Bitmap vs. Vector Example

Coca-Cola Vector Tracing

Reference photo used for tracing

The Reference Photo

Tracing work is good fun, and I enjoy working on these practice “fan-art” projects.  It’s a great way to hone one skill at a time, and there’s always new techniques to learn in Adobe Illustrator.

For this project, I’ve used a photograph and traced it over into a piece of vector art.  Vector is the way to go for a lot of graphic needs, because you can make it once then scale it to any size.  Photographs get a little splotchy if you scale them up too much.

The photo had plenty of resolution to get good precision for the vector art.  Around the lid was blown out to white a bit, but Photoshop helped crank up the contrast, so no big problem (the vector lid ended up nicely detailed compared the photo.)
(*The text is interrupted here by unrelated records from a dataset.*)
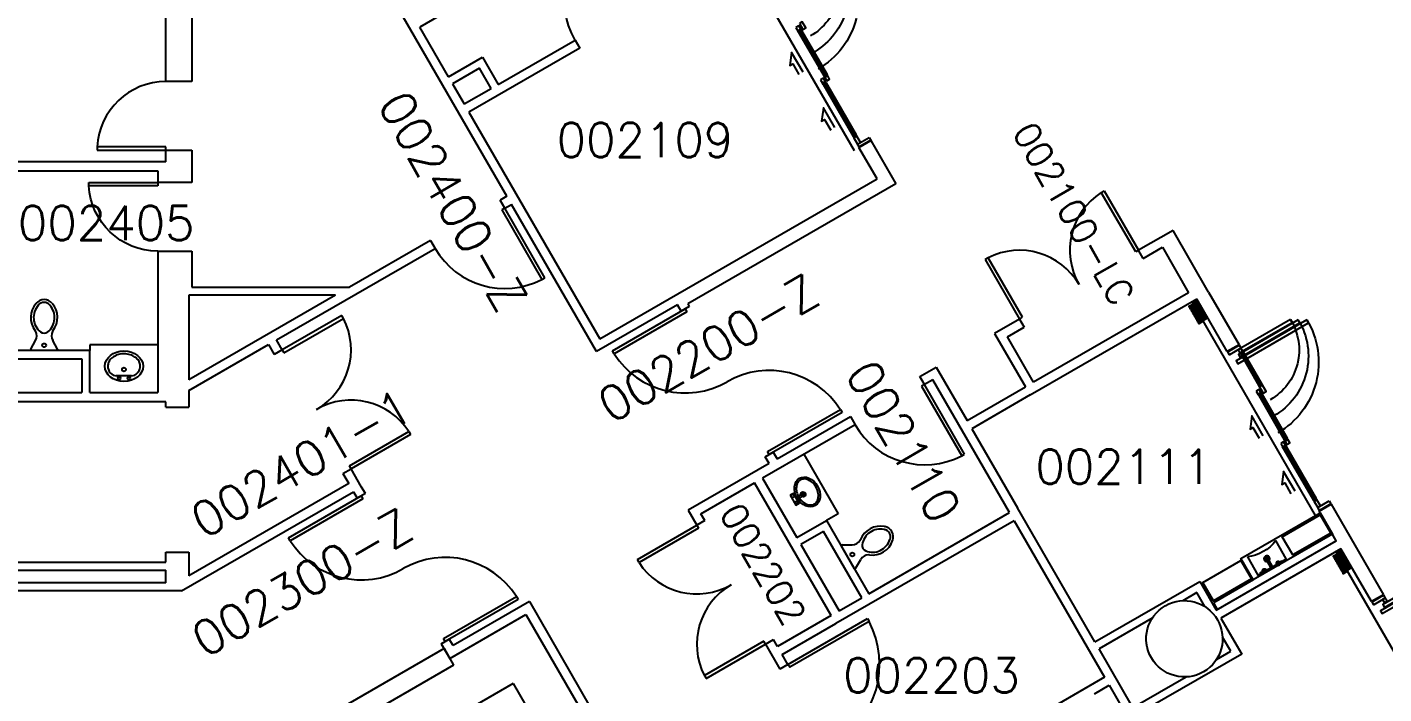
# Model space of a CAD drawing. Extents: x -1957 to 1822, y 4767 to 7331.
# Drawn here: x -1196 to -485, y 6423 to 6773 of the extents above; entities that cross this region are included whole.
import ezdxf

# ---------------------------------------------------------------- set-up
doc = ezdxf.new("R2010")
doc.units = 0
doc.header["$LTSCALE"] = 48
doc.header["$MEASUREMENT"] = 0
doc.layers.get('0').update_dxf_attribs({"linetype": 'CONTINUOUS'})
for name, color, linetype in [('ARDOOR', 7, 'CONTINUOUS'), ('ARDOORNO', 4, 'CONTINUOUS'), ('ARROOMNO', 4, 'CONTINUOUS'), ('ARWALL', 7, 'CONTINUOUS'), ('COL', 14, 'CONTINUOUS'), ('MILL', 1, 'CONTINUOUS'), ('MILL-NRST', 1, 'CONTINUOUS'), ('MPFIXTURE', 3, 'CONTINUOUS')]:
    doc.layers.add(name, color=color, linetype=linetype)
doc.styles.add('ROMANS', font='romans.shx', dxfattribs={"height": 18})

# ---------------------------------------------------------------- blocks, each defined once
blk = doc.blocks.new('TLT-WALL')
for p, q in [((-7, 0), (7, 0)), ((-7, -0.75), (-7, 0)), ((-7, -0.75), (-4.5, -5.25)), ((7, -0.75), (4.5, -5.25)), ((7, -0.75), (7, 0))]:
    blk.add_line(p, q)
blk.add_circle((0, -2.75), 1)
for centre, radius, start, end in [((-9, -7.75), 5.15, 333.62223, 29.0546), ((9, -7.75), 5.15, 150.9454, 206.37777), ((4.17, -17.29), 11.17, 141.80297, 221.62671), ((4.17, -17.29), 9.67, 128.70115, 221.62671), ((-6.18, -9.15), 2, 321.80297, 333.62223), ((0, -12.09), 3, 51.29885, 128.70115), ((-4.17, -17.29), 9.67, 318.37329, 51.29885), ((-4.17, -17.29), 11.17, 318.37329, 38.19703), ((6.18, -9.15), 2, 206.37777, 218.19703), ((-5.67, -26.04), 2, 38.98795, 41.62671), ((0, -21.45), 5.3, 218.98795, 321.01205), ((-5.67, -26.04), 3.5, 38.98795, 41.62671), ((0, -21.45), 3.8, 218.98795, 321.01205), ((5.67, -26.04), 3.5, 138.37329, 141.01205), ((5.67, -26.04), 2, 138.37329, 141.01205)]:
    blk.add_arc(centre, radius, start, end)
blk = doc.blocks.new('SNK-OVL')
blk.add_line((-4.02, 3.25), (4.02, 3.25))
for centre, radius in [((-2.5, 4.5), 0.75), ((0, 0), 1), ((2.5, 4.5), 0.75)]:
    blk.add_circle(centre, radius)
for centre, start, end in [((-4.02, -0.75), 90, 137.92062), ((4.02, -0.75), 42.10121, 90)]:
    blk.add_arc(centre, 4, start, end)
blk.add_ellipse((0, -1.75), major_axis=(10, 0), ratio=0.8)
blk.add_open_spline([(-6.99, 1.93), (-7.38, 1.5), (-7.69, 1.05), (-8.28, -0.11), (-8.47, -0.82), (-8.53, -2.26), (-8.4, -2.98), (-7.83, -4.37), (-7.38, -5.05), (-6.18, -6.26), (-5.43, -6.8), (-3.72, -7.64), (-2.75, -7.95), (-0.74, -8.27), (0.31, -8.29), (2.35, -8.04), (3.33, -7.78), (5.1, -7), (5.89, -6.49), (7.17, -5.31), (7.66, -4.65), (8.32, -3.27), (8.49, -2.55), (8.5, -1.81), (8.5, -1.78), (8.5, -1.75), (8.5, -1.14), (8.39, -0.54), (7.91, 0.71), (7.52, 1.35), (6.99, 1.93)], degree=3, knots=[2.515773, 2.515773, 2.515773, 2.515773, 2.756182, 2.756182, 3.107509, 3.107509, 3.458835, 3.458835, 3.810162, 3.810162, 4.161488, 4.161488, 4.512815, 4.512815, 4.864141, 4.864141, 5.215468, 5.215468, 5.566794, 5.566794, 5.918121, 5.918121, 6.269447, 6.269447, 6.283185, 6.283185, 6.283185, 6.580082, 6.580082, 6.909232, 6.909232, 6.909232, 6.909232])
blk = doc.blocks.new('4-00-DR')
at = {"color": 0}
blk.add_lwpolyline([(0, 48), (1.75, 48), (1.75, 0), (0, 0)], close=True, dxfattribs=at)
blk.add_arc((-0.06, -0.02), 48.06, 0.02741, 87.84514, dxfattribs=at)
blk = doc.blocks.new('6-00-DRS')
at = {"color": 0}
for p, q in [((0, 36), (0, 0)), ((1.75, 36), (0, 36)), ((1.75, 0), (1.75, 36)), ((70.25, 0), (70.25, 36)), ((70.25, 36), (72, 36)), ((72, 36), (72, 0)), ((0, 0), (1.75, 0)), ((72, 0), (70.25, 0))]:
    blk.add_line(p, q, dxfattribs=at)
for centre, start, end in [((-0.08, -0.03), 0.04901, 87.09698), ((72.08, -0.03), 92.90302, 179.95099)]:
    blk.add_arc(centre, 36.08, start, end, dxfattribs=at)
blk = doc.blocks.new('7-04-SDRS')
at = {"color": 0}
for p, q in [((86.25, 0), (86.25, 44)), ((86.25, 44), (88, 44)), ((88, 44), (88, 0)), ((0, -44), (0, 0)), ((0, 0), (1.75, 0)), ((1.75, 0), (1.75, -44)), ((88, 0), (86.25, 0)), ((1.75, -44), (0, -44))]:
    blk.add_line(p, q, dxfattribs=at)
for centre, start, end in [((88.06, -0.03), 92.3574, 179.96733), ((-0.06, 0.03), 272.3574, 359.96733)]:
    blk.add_arc(centre, 44.06, start, end, dxfattribs=at)
blk = doc.blocks.new('3-06-DR')
at = {"color": 0}
for p, q in [((0, 42), (0, 0)), ((1.75, 42), (0, 42)), ((1.75, 0), (1.75, 42)), ((0, 0), (1.75, 0))]:
    blk.add_line(p, q, dxfattribs=at)
blk.add_arc((-0.07, -0.03), 42.07, 0.03589, 87.52636, dxfattribs=at)
blk = doc.blocks.new('3-00-DR')
at = {"color": 0}
for p, q in [((0, 36), (0, 0)), ((1.75, 36), (0, 36)), ((1.75, 0), (1.75, 36)), ((0, 0), (1.75, 0))]:
    blk.add_line(p, q, dxfattribs=at)
blk.add_arc((-0.08, -0.03), 36.08, 0.04901, 87.09698, dxfattribs=at)

msp = doc.modelspace()

# ---------------------------------------------------------------- linework, layer by layer
at = {"layer": 'ARDOOR'}
for p, q in [((-821.85, 6810.73), (-762.68, 6708.23)), ((-791.74, 6770.33), (-778.37, 6747.16)), ((-790.23, 6771.2), (-776.85, 6748.04)), ((-778.89, 6742.82), (-763.14, 6715.54)), ((-777.38, 6743.69), (-761.63, 6716.41)), ((-587.15, 6626.69), (-587.14, 6626.69)), ((-587.14, 6626.69), (-583.17, 6628.99)), ((-586.92, 6626.29), (-586.91, 6626.3)), ((-586.91, 6626.3), (-582.94, 6628.59)), ((-586.69, 6625.89), (-586.68, 6625.9)), ((-586.68, 6625.9), (-582.71, 6628.19)), ((-586.46, 6625.5), (-586.45, 6625.5)), ((-586.45, 6625.5), (-582.48, 6627.8)), ((-586.23, 6625.1), (-586.22, 6625.1)), ((-586.22, 6625.1), (-582.25, 6627.4)), ((-585.99, 6624.71), (-582.02, 6627)), ((-585.8, 6628.94), (-521.11, 6516.9)), ((-585.77, 6624.31), (-581.79, 6626.6)), ((-585.73, 6628.04), (-585.39, 6628.24)), ((-585.54, 6623.91), (-581.57, 6626.21)), ((-585.39, 6628.24), (-583.4, 6629.38)), ((-585.31, 6623.52), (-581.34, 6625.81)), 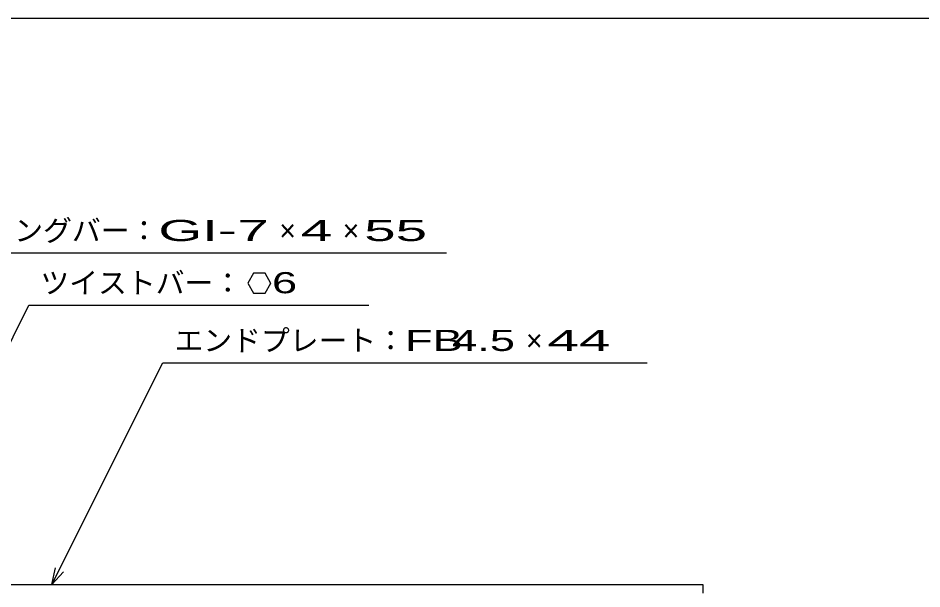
# Model space of a CAD drawing. Units: millimetres, scale not verified. Extents: x -1092 to 1039, y -770 to 632.
# Drawn here: x -606.4 to -135.9, y 334.8 to 632.1 of the extents above; entities that cross this region are included whole.
import ezdxf
from ezdxf.enums import TextEntityAlignment as Align

# ---------------------------------------------------------------- set-up
doc = ezdxf.new("R2010")
doc.units = ezdxf.units.MM
doc.header["$LTSCALE"] = 6
for name, color, linetype, lineweight in [('0_2', 150, 'Continuous', 25), ('16', 3, 'Continuous', 25), ('22', 4, 'Continuous', 25)]:
    doc.layers.add(name, color=color, linetype=linetype, lineweight=lineweight)
doc.styles.add('ベクトル', font='')
doc.styles.get('ベクトル').set_extended_font_data('ベクトル')

msp = doc.modelspace()

# ---------------------------------------------------------------- linework, layer by layer
at = {"layer": '0_2'}
msp.add_line((-1037.4, 632.1), (1038.6, 632.1), dxfattribs=at)
at = {"layer": '16'}
for p, q in [((-857, 337), (-250, 337)), ((-250, 337), (-250, 332.5))]:
    msp.add_line(p, q, dxfattribs=at)
at = {"layer": '22'}
for p, q in [((-659.4, 509.75), (-383.4, 509.75)), ((-483.775, 499.159), (-486.775, 493.963)), ((-477.775, 499.159), (-483.775, 499.159)), ((-474.775, 493.9), (-477.775, 499.159)), ((-486.775, 493.963), (-483.775, 488.767)), ((-477.775, 488.767), (-474.775, 493.963)), ((-483.775, 488.767), (-477.775, 488.767)), ((-694.65, 294.75), (-600.775, 482.5)), ((-600.775, 482.5), (-423.775, 482.5)), ((-588.75, 337), (-531, 452.5)), ((-531, 452.5), (-279, 452.5)), ((-588.75, 337), (-586.95, 345.76)), ((-588.75, 337), (-582.75, 343.6))]:
    msp.add_line(p, q, dxfattribs=at)

# ---------------------------------------------------------------- texts
at = {"layer": '22', "color": 2, "style": 'ベクトル'}
for s, p in [('ベアリングバー：', (-653.4, 521.45)), ('×', (-470.4, 521.45)), ('×', (-437.4, 521.45)), ('ツイストバー：', (-594.775, 494.2)), ('エンドプレート：', (-525, 464.2)), ('×', (-342, 464.2))]:
    msp.add_text(s, height=11, dxfattribs=at).set_placement(p, align=Align.MIDDLE_LEFT)
for s, width, p in [('GI-', 2, (-533.4, 521.45)), (' 7 ', 2, (-500.4, 521.45)), (' 4 ', 2, (-467.4, 521.45)), (' 55 ', 2, (-434.4, 521.45)), (' 6', 1.6, (-480.775, 494.263)), ('FB', 1.6, (-405, 464.2)), (' 4.5 ', 1.6, (-387, 464.2)), (' 44 ', 2, (-339, 464.2))]:
    msp.add_text(s, height=11, dxfattribs=dict(at, width=width)).set_placement(p, align=Align.MIDDLE_LEFT)

doc.saveas('drawing.dxf')

Vector Handles and Anchors

Vector Handles and Anchors

The actual tracing is a pretty simple concept, you take a photo and draw around the edges to make line art.  In practice, the tough part is placing the lines right so that you get smooth curves instead of sloppy weirdness.

The Coca-Cola logo flows with each line a well-formed curve, with no wonky parts commonly found in this kind of hand-drawn logo.  It deftly takes a potentially chaotic design and balances it right out.  The logo looks good because it’s well-made to the core, and well-made things looks good.  It definitely deserves its spot in the “all time best logos” category.

Big image of the final vector art

Big image of the final vector art

The last step is to add color to each outlined shape in the line art.  There are lots of gradients used, plus blends and transparencies to get that smooth, dramatic look.

The stylized vector art is capable of improving any photograph into a marketable asset.  Definitely worth keeping in mind.